-- What to do --
Please copy each line below that contains the word "SolderJumper".

Extracted data entries:
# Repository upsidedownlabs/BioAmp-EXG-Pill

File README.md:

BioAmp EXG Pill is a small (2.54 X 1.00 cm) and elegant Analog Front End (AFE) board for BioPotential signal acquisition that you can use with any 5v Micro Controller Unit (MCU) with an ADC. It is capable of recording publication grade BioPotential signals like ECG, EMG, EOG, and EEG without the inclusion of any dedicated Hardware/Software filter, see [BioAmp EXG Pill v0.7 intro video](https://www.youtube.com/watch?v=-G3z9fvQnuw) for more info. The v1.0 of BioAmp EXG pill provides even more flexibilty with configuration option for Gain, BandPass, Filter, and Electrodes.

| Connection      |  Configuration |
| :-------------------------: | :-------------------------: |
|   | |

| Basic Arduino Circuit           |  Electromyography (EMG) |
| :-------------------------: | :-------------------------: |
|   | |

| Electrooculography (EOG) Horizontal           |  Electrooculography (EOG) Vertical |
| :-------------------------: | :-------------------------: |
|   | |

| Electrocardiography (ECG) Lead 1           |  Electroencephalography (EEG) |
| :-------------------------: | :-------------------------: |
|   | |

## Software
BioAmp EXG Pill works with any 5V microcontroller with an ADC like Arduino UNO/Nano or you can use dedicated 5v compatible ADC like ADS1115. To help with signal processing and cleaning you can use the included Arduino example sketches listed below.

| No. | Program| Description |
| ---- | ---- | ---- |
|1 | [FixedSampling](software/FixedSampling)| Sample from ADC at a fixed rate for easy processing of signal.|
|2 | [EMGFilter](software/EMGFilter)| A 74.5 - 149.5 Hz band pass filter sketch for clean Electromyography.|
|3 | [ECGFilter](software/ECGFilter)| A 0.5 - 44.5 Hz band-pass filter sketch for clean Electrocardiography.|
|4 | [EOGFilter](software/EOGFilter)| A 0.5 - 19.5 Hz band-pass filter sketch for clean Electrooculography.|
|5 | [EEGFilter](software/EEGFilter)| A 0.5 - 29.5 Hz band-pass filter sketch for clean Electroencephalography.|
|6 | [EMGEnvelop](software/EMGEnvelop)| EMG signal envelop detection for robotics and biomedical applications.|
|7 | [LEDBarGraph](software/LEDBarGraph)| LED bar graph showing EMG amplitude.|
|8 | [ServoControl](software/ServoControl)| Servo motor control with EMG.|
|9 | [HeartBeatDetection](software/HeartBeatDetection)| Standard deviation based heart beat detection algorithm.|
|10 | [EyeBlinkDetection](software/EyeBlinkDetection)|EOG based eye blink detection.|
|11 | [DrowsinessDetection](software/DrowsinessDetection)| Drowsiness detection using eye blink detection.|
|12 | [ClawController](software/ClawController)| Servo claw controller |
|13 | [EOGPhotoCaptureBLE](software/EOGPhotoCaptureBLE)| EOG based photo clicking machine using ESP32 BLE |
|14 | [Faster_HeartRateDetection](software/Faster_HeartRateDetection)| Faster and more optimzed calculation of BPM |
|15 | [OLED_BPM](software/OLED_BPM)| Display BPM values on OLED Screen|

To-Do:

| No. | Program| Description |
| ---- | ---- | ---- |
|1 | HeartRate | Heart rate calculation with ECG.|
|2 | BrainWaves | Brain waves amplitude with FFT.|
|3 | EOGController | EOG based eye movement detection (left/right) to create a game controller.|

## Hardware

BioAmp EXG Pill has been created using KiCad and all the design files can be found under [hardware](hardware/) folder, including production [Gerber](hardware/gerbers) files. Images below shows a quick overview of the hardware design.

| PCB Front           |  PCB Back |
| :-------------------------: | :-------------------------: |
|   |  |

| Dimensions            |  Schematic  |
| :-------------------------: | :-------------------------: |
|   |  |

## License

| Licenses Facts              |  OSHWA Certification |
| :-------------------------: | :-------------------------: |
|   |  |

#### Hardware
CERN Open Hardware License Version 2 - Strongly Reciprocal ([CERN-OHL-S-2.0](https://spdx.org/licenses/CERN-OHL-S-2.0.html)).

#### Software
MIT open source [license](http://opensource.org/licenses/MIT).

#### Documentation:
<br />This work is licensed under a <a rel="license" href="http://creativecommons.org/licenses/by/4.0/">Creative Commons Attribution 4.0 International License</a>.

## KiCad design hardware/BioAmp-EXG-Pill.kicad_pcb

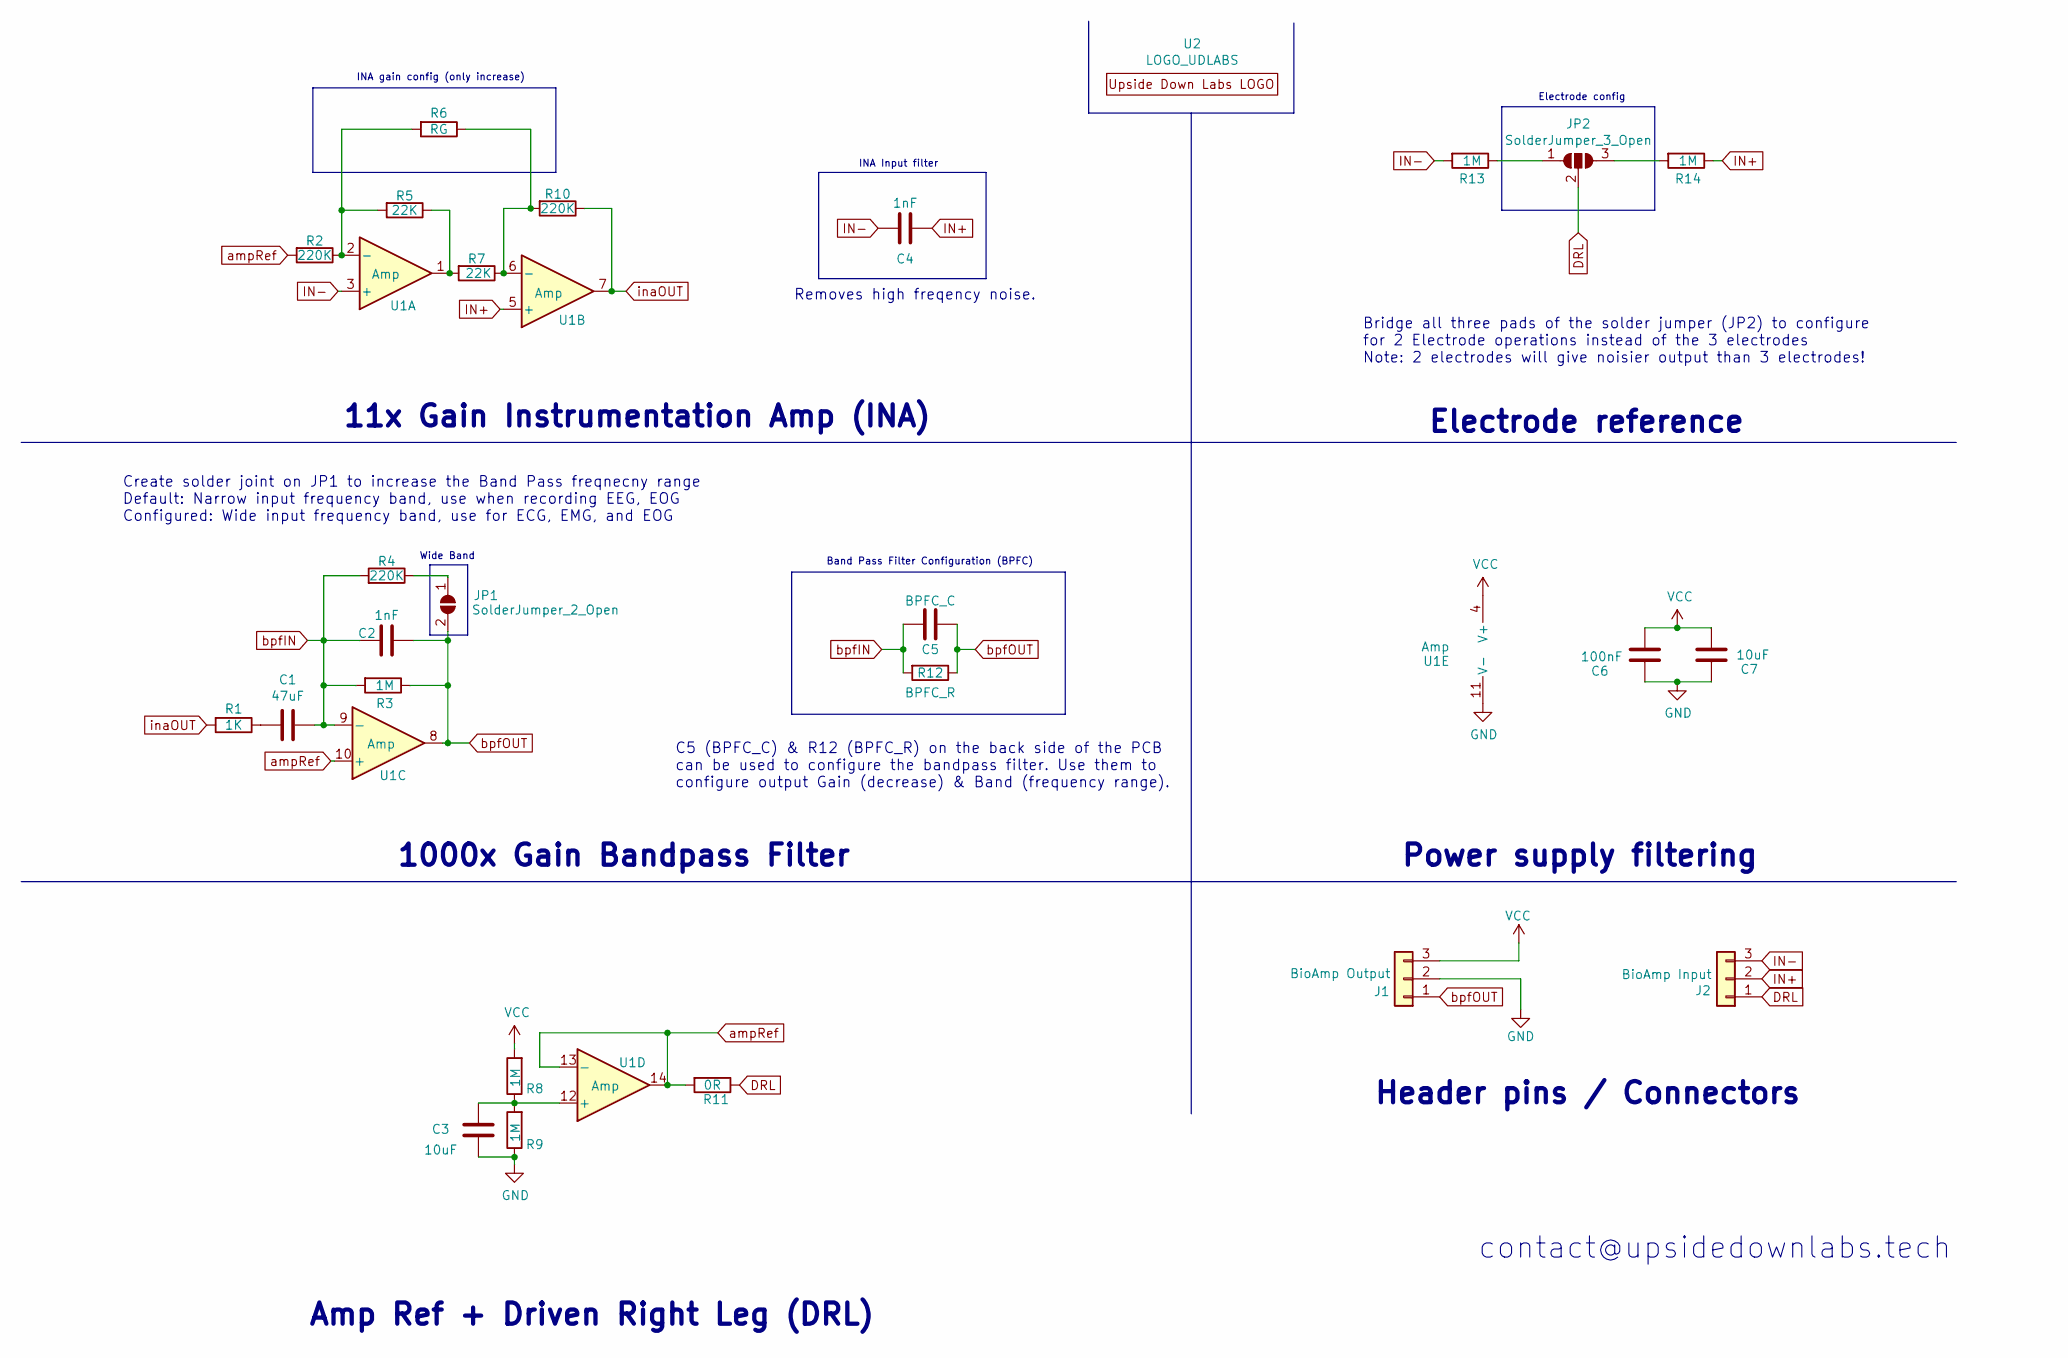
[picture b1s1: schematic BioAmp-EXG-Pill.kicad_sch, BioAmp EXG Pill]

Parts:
C1: 47uF; C_0805_2012Metric_Pad1.18x1.45mm_HandSolder
C2, C4: 1nF; C_0603_1608Metric_Pad1.08x0.95mm_HandSolder
C3, C7: 10uF; C_0603_1608Metric_Pad1.08x0.95mm_HandSolder
C5: BPFC_C; C_0603_1608Metric_Pad1.08x0.95mm_HandSolder
C6: 100nF; C_0603_1608Metric_Pad1.08x0.95mm_HandSolder
J1: BioAmp Output; PinHeader_1x03_P2.54mm_Vertical
J2: BioAmp Input; PinHeader_1x03_P2.54mm_Vertical
JP1: SolderJumper_2_Open; SolderJumper-2_P1.3mm_Open_RoundedPad1.0x1.5mm
JP2: SolderJumper_3_Open; SolderJumper-3_P1.3mm_Open_RoundedPad1.0x1.5mm
R1: 1K; R_0603_1608Metric_Pad0.98x0.95mm_HandSolder
R2, R4, R10: 220K; R_0603_1608Metric_Pad0.98x0.95mm_HandSolder
R3, R8, R9, R13, R14: 1M; R_0603_1608Metric_Pad0.98x0.95mm_HandSolder
R5, R7: 22K; R_0603_1608Metric_Pad0.98x0.95mm_HandSolder
R6: RG; R_0603_1608Metric_Pad0.98x0.95mm_HandSolder
R11: 0R; R_0603_1608Metric_Pad0.98x0.95mm_HandSolder
R12: BPFC_R; R_0603_1608Metric_Pad0.98x0.95mm_HandSolder
U1: Amp; TSSOP-14_4.4x5mm_P0.65mm
U2: LOGO_UDLABS; EXG

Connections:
DRL: J2.1, JP2.2 (C), R11.1; also elsewhere on the board
GND: C3.2, C6.1, C7.1, J1.2, R9.1, U1.11 (V-); also elsewhere on the board
IN+: C4.1, J2.2, R14.1, U1.5 (+); also elsewhere on the board
IN-: C4.2, J2.3, R13.2, U1.3 (+); also elsewhere on the board
unnamed: C1.2, R1.1
unnamed: C3.1, R8.1, R9.2, U1.12 (+)
unnamed: JP1.1 (A), R4.1
unnamed: JP2.1 (A), R13.1
unnamed: JP2.3 (B), R14.2
unnamed: R2.1, R5.2, R6.2, U1.2 (-)
unnamed: R5.1, R7.2, U1.1
unnamed: R6.1, R7.1, R10.2, U1.6 (-)
VCC: C6.2, C7.2, J1.3, R8.2, U1.4 (V+); also elsewhere on the board
ampRef: R2.2, R11.2, U1.10 (+), U1.13 (-), U1.14
bpfIN: C1.1, C2.2, C5.2, R3.2, R4.2, R12.2, U1.9 (-)
bpfOUT: C2.1, C5.1, J1.1, JP1.2 (B), R3.1, R12.1, U1.8; also elsewhere on the board
inaOUT: R1.2, R10.1, U1.7

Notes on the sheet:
contact@upsidedownlabs.tech
1000x Gain Bandpass Filter
Create solder joint on JP1 to increase the Band Pass freqnecny range Default: Narrow input frequency band, use when recording EEG, EOG Configured: Wide input frequency band, use for ECG, EMG, and EOG
Band Pass Filter Configuration (BPFC)
Electrode config
C5 (BPFC_C) & R12 (BPFC_R) on the back side of the PCB can be used to configure the bandpass filter. Use them to configure output Gain (decrease) & Band (frequency range).
Header pins / Connectors
11x Gain Instrumentation Amp (INA)
Bridge all three pads of the solder jumper (JP2) to configure for 2 Electrode operations instead of the 3 electrodes Note: 2 electrodes will give noisier output than 3 electrodes!
Power supply filtering
Amp Ref + Driven Right Leg (DRL)
Removes high freqency noise.
Wide Band
INA gain config (only increase)
Electrode reference
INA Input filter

-- Solution to this task --
JP1: SolderJumper_2_Open; SolderJumper-2_P1.3mm_Open_RoundedPad1.0x1.5mm
JP2: SolderJumper_3_Open; SolderJumper-3_P1.3mm_Open_RoundedPad1.0x1.5mm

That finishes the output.